# Living in Singapore



## maneeratc_apac (Jun 7, 2008)

Hi everyone! My name is Maneerat. I am exploring the opportunity with one company where I can choose to work either in Singapore or Shianghai. As of now I have insufficient information to make my decision. 

I used to work in Singapore for 4 months but it was the temporary project before I came back to work in Bangkok. The accommodation was provided by the company. 

My current situation is different as I will be hired for Singapore office. So that I will cover all expenses by myself. That's why I need your suggestion. The office is on Orchard road. I would not like to spend more than 30 minutes on the road to go to work.
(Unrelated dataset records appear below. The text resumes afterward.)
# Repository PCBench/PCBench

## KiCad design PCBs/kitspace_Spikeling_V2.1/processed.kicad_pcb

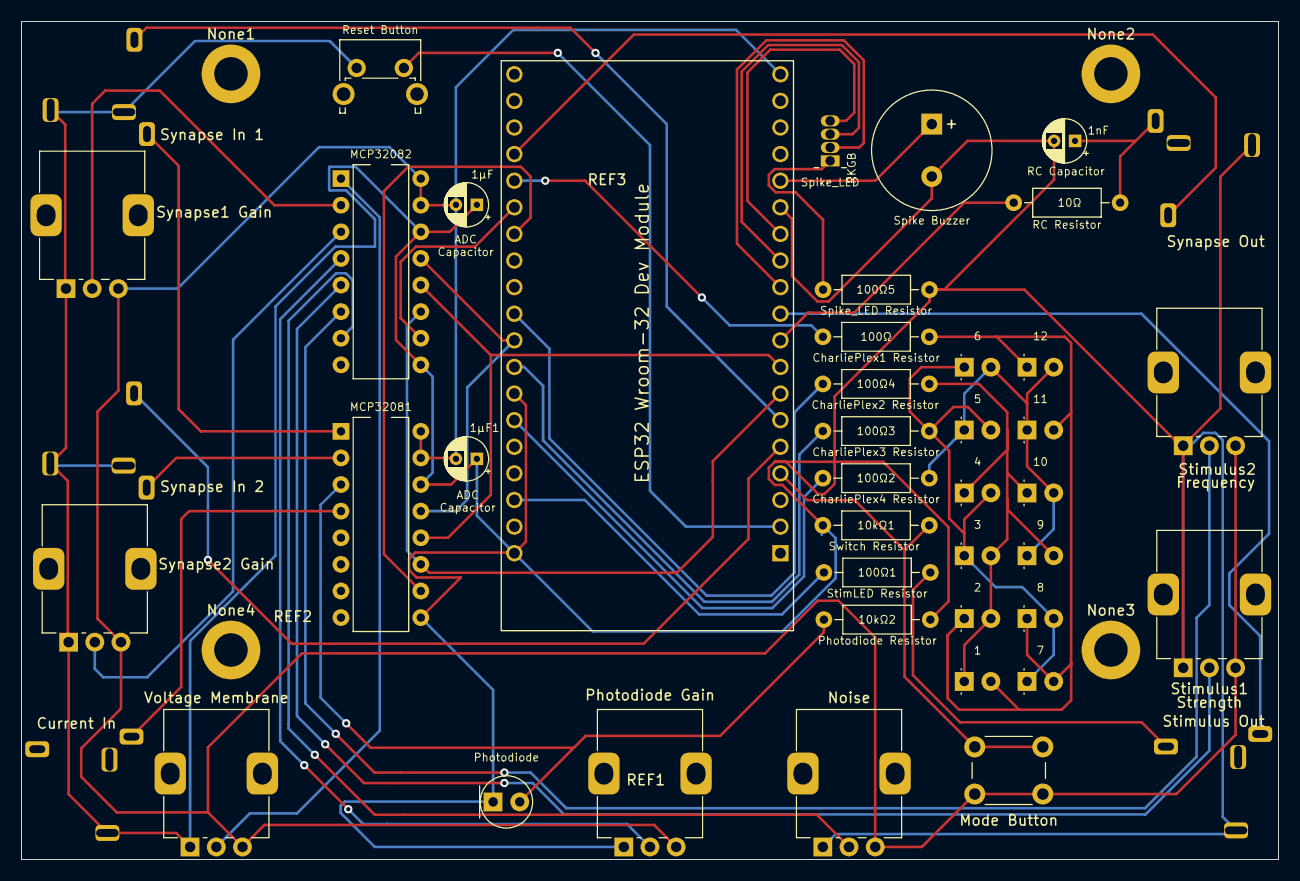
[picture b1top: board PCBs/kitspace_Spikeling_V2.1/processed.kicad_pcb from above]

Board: 2 copper layers, 120.0 x 80.0 mm, 51 parts (0 on the bottom side), 41 nets.

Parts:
1: D2; LED_D3.0mm
1nF: C3; CP_Radial_D4.0mm_P2.00mm
1μF, 1μF1: 1 μF; CP_Radial_D4.0mm_P2.00mm
2: D3; LED_D3.0mm
3: D4; LED_D3.0mm
4: D5; LED_D3.0mm
5: D6; LED_D3.0mm
6: D7; LED_D3.0mm
7: D8; LED_D3.0mm
8: LED; LED_D3.0mm
9: D10; LED_D3.0mm
10: D11; LED_D3.0mm
10kΩ1: R5; R_Axial_DIN0207_L6.3mm_D2.5mm_P10.16mm_Horizontal
10kΩ2: R2; R_Axial_DIN0207_L6.3mm_D2.5mm_P10.16mm_Horizontal
10Ω: R1; R_Axial_DIN0207_L6.3mm_D2.5mm_P10.16mm_Horizontal
11: D12; LED_D3.0mm
12: D13; LED_D3.0mm
100Ω: R6; R_Axial_DIN0207_L6.3mm_D2.5mm_P10.16mm_Horizontal
100Ω1: R3; R_Axial_DIN0207_L6.3mm_D2.5mm_P10.16mm_Horizontal
100Ω2: R9; R_Axial_DIN0207_L6.3mm_D2.5mm_P10.16mm_Horizontal
100Ω3: R8; R_Axial_DIN0207_L6.3mm_D2.5mm_P10.16mm_Horizontal
100Ω4: R7; R_Axial_DIN0207_L6.3mm_D2.5mm_P10.16mm_Horizontal
100Ω5: R4; R_Axial_DIN0207_L6.3mm_D2.5mm_P10.16mm_Horizontal
Current In: J4; Spikeling Audio Jack 3.5mm
ESP32 Wroom-32 Dev Module: ESP32-DEVKITC-32D; MODULE_ESP32-DEVKITC-32D
MCP32081: MCP32082; DIP-16_W7.62mm
MCP32082: MCP32084; DIP-16_W7.62mm
Mode Button: SW1; SW_PUSH_6mm_H13mm
Noise: RV4; Spikeling Potentiometer
None1, None3, None4: MountingHole_3.2mm_M3_DIN965_Pad
None2: MountingHole_M3; MountingHole_3.2mm_M3_DIN965_Pad
Photodiode: D1; LED_D5.0mm
Photodiode Gain: RV5; Spikeling Potentiometer
REF1: Spikeling_neuron; Spikeling_Photoreceptor
REF2: Spikeling_neuron; Spikeling_Electrode
REF3: Spikeling_neuron; Spikeling_Neuron
Reset Button: SW2; Spikeling reset button
Spike Buzzer: BZ1; Buzzer_11.5x9.5RM5
Spike_LED: RGB; LED_D5.0mm-4_RGB
Stimulus1: RV6; Spikeling Potentiometer
Stimulus2: RV7; Spikeling Potentiometer
Stimulus Out: J5; Spikeling Audio Jack 3.5mm
Synapse1 Gain: RV1; Spikeling Potentiometer
Synapse2 Gain: RV2; Spikeling Potentiometer
Synapse In 1: J2; Spikeling Audio Jack 3.5mm
Synapse In 2: J3; Spikeling Audio Jack 3.5mm
Synapse Out: J1; Spikeling Audio Jack 3.5mm
Voltage Membrane: RV3; Spikeling Potentiometer

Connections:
/00: ESP32 Wroom-32 Dev Module.33, MCP32082.10
/02: 100Ω.1, ESP32 Wroom-32 Dev Module.34
/04: ESP32 Wroom-32 Dev Module.32, MCP32081.10
/05: 100Ω4.1, ESP32 Wroom-32 Dev Module.29
/12: ESP32 Wroom-32 Dev Module.13, Spike_LED.4
/13: ESP32 Wroom-32 Dev Module.15, Spike Buzzer.1
/14: ESP32 Wroom-32 Dev Module.12, Spike_LED.3
/15: ESP32 Wroom-32 Dev Module.35, Synapse Out.T
/18: ESP32 Wroom-32 Dev Module.28, MCP32081.13, MCP32082.13
/19: 100Ω3.1, ESP32 Wroom-32 Dev Module.27
/21: 100Ω2.1, ESP32 Wroom-32 Dev Module.25
/22: 100Ω1.1, ESP32 Wroom-32 Dev Module.22
/25: 10Ω.1, ESP32 Wroom-32 Dev Module.9
/26: ESP32 Wroom-32 Dev Module.10, Stimulus Out.R
/27: ESP32 Wroom-32 Dev Module.11, Spike_LED.1
/32: ESP32 Wroom-32 Dev Module.7, MCP32081.11, MCP32082.11
/33: ESP32 Wroom-32 Dev Module.8, MCP32081.12, MCP32082.12
/34: ESP32 Wroom-32 Dev Module.5, Synapse In 2.T
/35: ESP32 Wroom-32 Dev Module.6, Synapse In 1.T
/39: 10kΩ1.1, ESP32 Wroom-32 Dev Module.4, Mode Button.1
/100: MCP32082.1, Voltage Membrane.2
/101: MCP32082.2, Synapse1 Gain.2
/102: MCP32082.3, Synapse2 Gain.2
/103: MCP32082.4, Photodiode Gain.2
/104: MCP32082.5, Stimulus1.2
/105: MCP32082.6, Stimulus2.2
/106: MCP32082.7, Noise.2
/200: MCP32081.1, Synapse In 1.R
/201: MCP32081.2, Synapse In 2.R
/202: 10kΩ2.1, MCP32081.3, Photodiode.2
/203: Current In.R, MCP32081.4
GNDREF: 1nF.2, 1μF.1, 1μF1.1, 10kΩ1.2, 10kΩ2.2, 100Ω5.1, Current In.S, ESP32 Wroom-32 Dev Module.14, ESP32 Wroom-32 Dev Module.20, ESP32 Wroom-32 Dev Module.26, MCP32081.9, MCP32081.14, MCP32082.9, MCP32082.14, Noise.1, Photodiode.1, Photodiode Gain.1, Reset Button.1, Spike Buzzer.2, Stimulus1.1, Stimulus2.1, Stimulus Out.S, Synapse1 Gain.1, Synapse2 Gain.1, Synapse In 1.S, Synapse In 2.S, Synapse Out.S, Voltage Membrane.1
unnamed: 1nF.1, 10Ω.2, Synapse Out.R
unnamed: 1.2, 2.1, 7.2, 8.1, 11.2, 12.1, 100Ω.2
unnamed: 1.1, 2.2, 3.2, 4.1, 9.2, 10.1, 100Ω4.2
unnamed: 3.1, 4.2, 5.2, 6.1, 7.1, 8.2, 100Ω3.2
unnamed: 5.1, 6.2, 9.1, 10.2, 11.1, 12.2, 100Ω2.2
unnamed: 100Ω5.2, Spike_LED.2
unnamed: 100Ω1.2, Stimulus Out.T
unnamed: ESP32 Wroom-32 Dev Module.2, Reset Button.2
VCC: 1μF.2, 1μF1.2, ESP32 Wroom-32 Dev Module.19, MCP32081.15, MCP32081.16, MCP32082.15, MCP32082.16, Mode Button.2, Noise.3, Photodiode Gain.3, Stimulus1.3, Stimulus2.3, Synapse1 Gain.3, Synapse2 Gain.3, Voltage Membrane.3

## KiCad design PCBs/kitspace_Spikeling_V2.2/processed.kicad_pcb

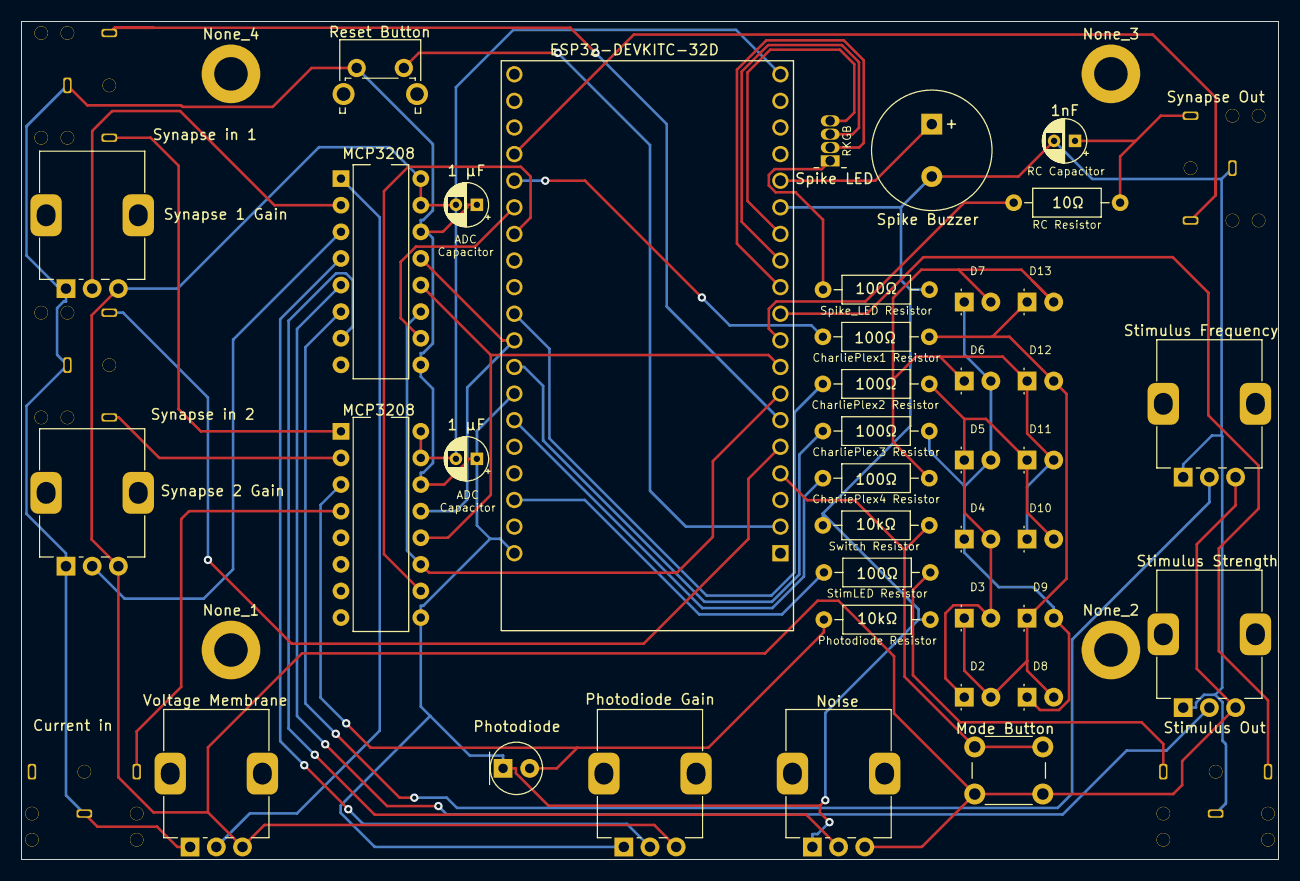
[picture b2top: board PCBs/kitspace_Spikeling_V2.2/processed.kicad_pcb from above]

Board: 2 copper layers, 120.0 x 80.0 mm, 48 parts (0 on the bottom side), 41 nets.

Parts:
BZ1: Spike Buzzer; Buzzer_11.5x9.5RM5
C1, C2: 1 μF; CP_Radial_D4.0mm_P2.00mm
C3: 1nF; CP_Radial_D4.0mm_P2.00mm
D1: Photodiode; LED_D5.0mm
D2: Mode1; LED_D3.0mm
D3: Mode2; LED_D3.0mm
D4: Mode3; LED_D3.0mm
D5: Mode4; LED_D3.0mm
D6: Mode5; LED_D3.0mm
D7: Mode6; LED_D3.0mm
D8: Mode7; LED_D3.0mm
D9: Mode8; LED_D3.0mm
D10: Mode9; LED_D3.0mm
D11: Mode10; LED_D3.0mm
D12: Mode11; LED_D3.0mm
D13: Mode12; LED_D3.0mm
D14: Spike LED; LED_D5.0mm-4_RGB
J1: Synapse Out; Spikeling Audio Jack 3.5mm
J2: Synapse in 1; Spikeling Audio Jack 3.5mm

Where should I stay or any source of information I can access to know the rental rate? 

I cannot see the forum for expat living in Shianghai. I also need the information on how to live there. I appreciate if you provide some information or source. 

Thank you!

Maneerat


----------



## synthia (Apr 18, 2007)

Welcome to the forum. You can post questions about Shanghai in the Other Countries section.

First, ask your employer if they have information about living in each place.

Certainly, in Singapore, the housing costs are significant. You mention being 'on the road' for more than half an hour. If you are going to work in Orchard Road, driving will be expensive. In addition to parking, you will have to pay a congestion fee every day for driving in the center city.

Whether you will be able to live close enough to keep your commute at one hour will be a function of your income.


----------



## ini_niki (Aug 11, 2008)

You'd be better off catching the subway (MRT) ... it's really cheap and fast. Unless you're earning huge bucks in Sing  

As for Shanghai ... it's much, much cheaper to live there ... but the public transport if mainly taxis ... although it's also much cheaper to buy / lease a car and cheaper to park etc. 

Singapore is basically like living in a first world nation ... everything is great -- health, food, schools, transport, shopping etc. 

Shanghai is more like a developing nation. Don't get me wrong ... if you've got the money to spend then you can buy the best of health, food, schools, transport, shopping etc ... but if you're on an average wage / lower wage then you're more likely to live like the locals. 

If you want adventure and the opportunity to maybe make a killing in development / business etc then Shanghai is the place ... 

If you're looking for an easy life and have a young family then I'd go to Singapore  

Cheers


----------



## anthonyjeremiel (Oct 13, 2008)

I totally agree with ini_niki.

Shanghai is a city that's still pretty much developing.

Singapore is more like a developed country.

So it really depends on what you want essentially.


----------